I would imagine this event will have an impact on his career!


----------



## Trebor (Jun 13, 2008)

holy jesus mary and joseph o.o I'm surprised no one was killed! this is almost like the time an empty Elementary school got strafed by an F-16


----------



## Glider (Jun 14, 2008)

I am still trying to work out if the Driver was lucky ur unlucky, that is lucky to survive or unlucky to be painted. 

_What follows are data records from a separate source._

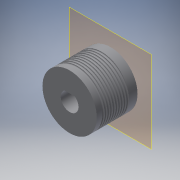
# Autodesk Inventor part: big one
Saved by Autodesk Inventor 2019 (Build 230136000, 136)
## iProperties
Created: 2021-03-26
Part Number: big one
Material: Generic
Document SubType Name: Modeling
Designer: Ian
Density: 1 g/cm^3
Appearance: Default
Author: Ian
Autodesk Inventor part; units mm, degrees
ref_plane "YZ Plane" through (0, 0, 0) normal (1, 0, 0) x (0, 1, 0)
ref_plane "XZ Plane" through (0, 0, 0) normal (0, 1, 0) x (-1, 0, 0)
ref_plane "XY Plane" through (0, 0, 0) normal (0, 0, 1) x (1, 0, 0)
ref_plane "Work Plane1" through (0, 0, 0.1) normal (0, 0, 1) x (1, 0, 0)
sketch "Sketch1" plane through (0, 0, 0.1) normal (0, 0, 1) x (1, 0, 0)
  circle A0 centre (0, 0) radius 8
  line L0 (1.5, 2) -> (-1.5, 2) projected
  arc A1 (-1.5, 2) -> (1.5, 2) centre (0, 0) ccw projected
  line L1 (-1.5411, 2.125) -> (1.5411, 2.125)
  arc A2 (-1.5411, 2.125) -> (1.5411, 2.125) centre (0, 0) ccw
  circle A3 centre (0, 0) radius 2.625 construction
  line L2 (-0.7133, 3.975) -> (1.2496, 3.975) construction
  line L3 (1.2496, 3.975) -> (1.2496, 3.375) construction
  line L4 (1.2496, 3.375) -> (-0.5971, 3.375) construction
  dimension "d1" = 0.125
  dimension "d18" = 0.6
  dimension "d35" = 16
  constraints: 8 end point, 3 centre point, 2 concentric, 2 perpendicular, 2 point on circle, 1 coincident, 1 horizontal, 1 other
  measures "d1" distance between parallel lines of L0 L1
  measures "d18" distance between parallel lines of L4 L2
  measures "d35" diameter of A0
extrude "Extrusion1" add sketch "Sketch1" along normal blind 12 contours A0
sketch "Sketch5" plane through (0, 0, 0) normal (1, 0, 0) x (0, 1, 0)
  line L0 (21, 1) -> (8.4705, 1) construction
  line L1 (8.4705, 1) -> (-14.7037, 1) construction
  line L2 (8, 0.1) -> (8, 12.1) projected
  line L3 (7.9, 10.45) -> (8, 10.45)
  line L4 (8, 10.45) -> (8, 9.85)
  line L5 (8, 0.1) -> (8, 12.1) projected
  line L6 (8, 9.85) -> (7.9, 9.85)
  line L7 (8, 12.1) -> (-8, 12.1) projected
  arc A0 (7.9, 10.45) -> (7.9, 9.85) centre (7.9, 10.15) ccw
  arc A1 (7.9, 9.65) -> (7.9, 9.05) centre (7.9, 9.35) ccw
  line L8 (7.9, 9.65) -> (8, 9.65)
  line L9 (8, 9.65) -> (8, 9.05)
  line L10 (8, 9.05) -> (7.9, 9.05)
  arc A2 (7.9, 8.85) -> (7.9, 8.25) centre (7.9, 8.55) ccw
  line L11 (7.9, 8.85) -> (8, 8.85)
  line L12 (8, 8.85) -> (8, 8.25)
  line L13 (8, 8.25) -> (7.9, 8.25)
  arc A3 (7.9, 8.05) -> (7.9, 7.45) centre (7.9, 7.75) ccw
  line L14 (7.9, 8.05) -> (8, 8.05)
  line L15 (8, 8.05) -> (8, 7.45)
  line L16 (8, 7.45) -> (7.9, 7.45)
  arc A4 (7.9, 7.25) -> (7.9, 6.65) centre (7.9, 6.95) ccw
  line L17 (7.9, 7.25) -> (8, 7.25)
  line L18 (8, 7.25) -> (8, 6.65)
  line L19 (8, 6.65) -> (7.9, 6.65)
  arc A5 (7.9, 6.45) -> (7.9, 5.85) centre (7.9, 6.15) ccw
  line L20 (7.9, 6.45) -> (8, 6.45)
  line L21 (8, 6.45) -> (8, 5.85)
  line L22 (8, 5.85) -> (7.9, 5.85)
  arc A6 (7.9, 5.65) -> (7.9, 5.05) centre (7.9, 5.35) ccw
  line L23 (7.9, 5.65) -> (8, 5.65)
  line L24 (8, 5.65) -> (8, 5.05)
  line L25 (8, 5.05) -> (7.9, 5.05)
  arc A7 (7.9, 4.85) -> (7.9, 4.25) centre (7.9, 4.55) ccw
  line L26 (7.9, 4.85) -> (8, 4.85)
  line L27 (8, 4.85) -> (8, 4.25)
  line L28 (8, 4.25) -> (7.9, 4.25)
  arc A8 (7.9, 4.05) -> (7.9, 3.45) centre (7.9, 3.75) ccw
  line L29 (7.9, 4.05) -> (8, 4.05)
  line L30 (8, 4.05) -> (8, 3.45)
  line L31 (8, 3.45) -> (7.9, 3.45)
  arc A9 (7.9, 3.25) -> (7.9, 2.65) centre (7.9, 2.95) ccw
  line L32 (7.9, 3.25) -> (8, 3.25)
  line L33 (8, 3.25) -> (8, 2.65)
  line L34 (8, 2.65) -> (7.9, 2.65)
  line L35 (0, -2.42) -> (0, 14.52) projected
  point P0 (0, 0)
  dimension "d75" = 0.1
  dimension "d76" = 1.95
  dimension "d77" = 0.3
  dimension "d80" = 0.8
  dimension "d86" = 1.95
  constraints: 62 end point, 20 point on circle, 10 centre point, 3 point on line, 2 perpendicular, 2 tangent, 1 vertical, 81 other
  measures "d75" distance from line of L2 A0.centre
  measures "d76" distance from line of L7 A0.centre
  measures "d77" radius of A0
  measures "d80" distance of A0.centre A1.centre
  measures "d86" distance from line of L1 A9.centre
revolve "Revolution4" cut sketch "Sketch5" angle 360 about axis through (0, 0, -10) along (0, 0, 1)
sketch "Sketch6" plane through (0, 0, 12.1) normal (0, 0, 1) x (1, 0, 0)
  circle A0 centre (0, 0) radius 2.625 projected
  line L0 (-1.5411, 2.125) -> (1.5411, 2.125) projected
  point P0 (0, 0)
  dimension "d53" = 1.125
  dimension "d54" = 0.25
  dimension "d55" = 2
  dimension "d56" = 1
  dimension "d57" = 0.25
  dimension "d58" = 1
  dimension "d62" = 80
  constraints: 22 end point, 7 point on line, 3 equal length, 1 collinear, 1 horizontal, 1 midpoint, 1 parallel, 1 vertical
sketch "Sketch3" plane through (0, 0, 12.1) normal (0, 0, 1) x (1, 0, 0)
  circle A0 centre (0, 0) radius 8 projected
  line L0 (-0.2046, 7.8333) -> (0.3721, 7.8333) construction
  line L1 (0, 7.8333) -> (-0.5956, 6.8073)
  line L2 (0, 7.8333) -> (0.5956, 6.8073)
  line L3 (0, 0) -> (-0.5956, 6.8073)
  line L4 (0, 0) -> (0.5956, 6.8073)
  circle A1 centre (0, 0) radius 6.8333 projected
  dimension "d46" = 10
  dimension "d60" = 1
  constraints: 10 end point, 2 point on circle, 1 equal length, 1 horizontal, 1 point on line, 1 vertical alignment
  measures "d46" angle of L3 L4
  measures "d60" distance edge to line of A1 L0
equation "\"d76\" = d86"
body "Solid1"

For the F16 jockey its more than a little worrying that such a massive mistake could be made.


----------



## Kruska (Jun 14, 2008)

Well luckily nothing really bad happened. I wouldn’t know about Russian incidents – probably much more and worse, but the US Forces have quite a bad reputation for these kinds of incidents in Europe or the training areas of Grafenwoehr and Hohenfels in Germany. There is almost not a single exercise where US soldiers are not killed or badly wounded.

Many of these incidents later become exaggerated stories but the incidents as such I feel are too many just because of carelessness or irresponsibility on behalf of some individuals or commanders.

Regards
Kruska


----------



## Matt308 (Jun 14, 2008)

Yep, time to bring the boys home.


----------



## Wayne Little (Jun 16, 2008)

Lucky SOB's I would think the underwear would be a throw away....never get the stain out!!!


----------



## fly boy (Jun 16, 2008)

damn that was a good thing he didn't have hei rounds or the suv would be long gone


----------



## Gnomey (Jun 17, 2008)

Yeah, they were pretty damn lucky there!


----------



## Haztoys (Jun 17, 2008)

As a pilot why would you pump rounds into a SUV when your on a test range..??...He must of had a flash back thinking he was back in Iraq.?.. There's a peace of this story that not here kids..Strange.....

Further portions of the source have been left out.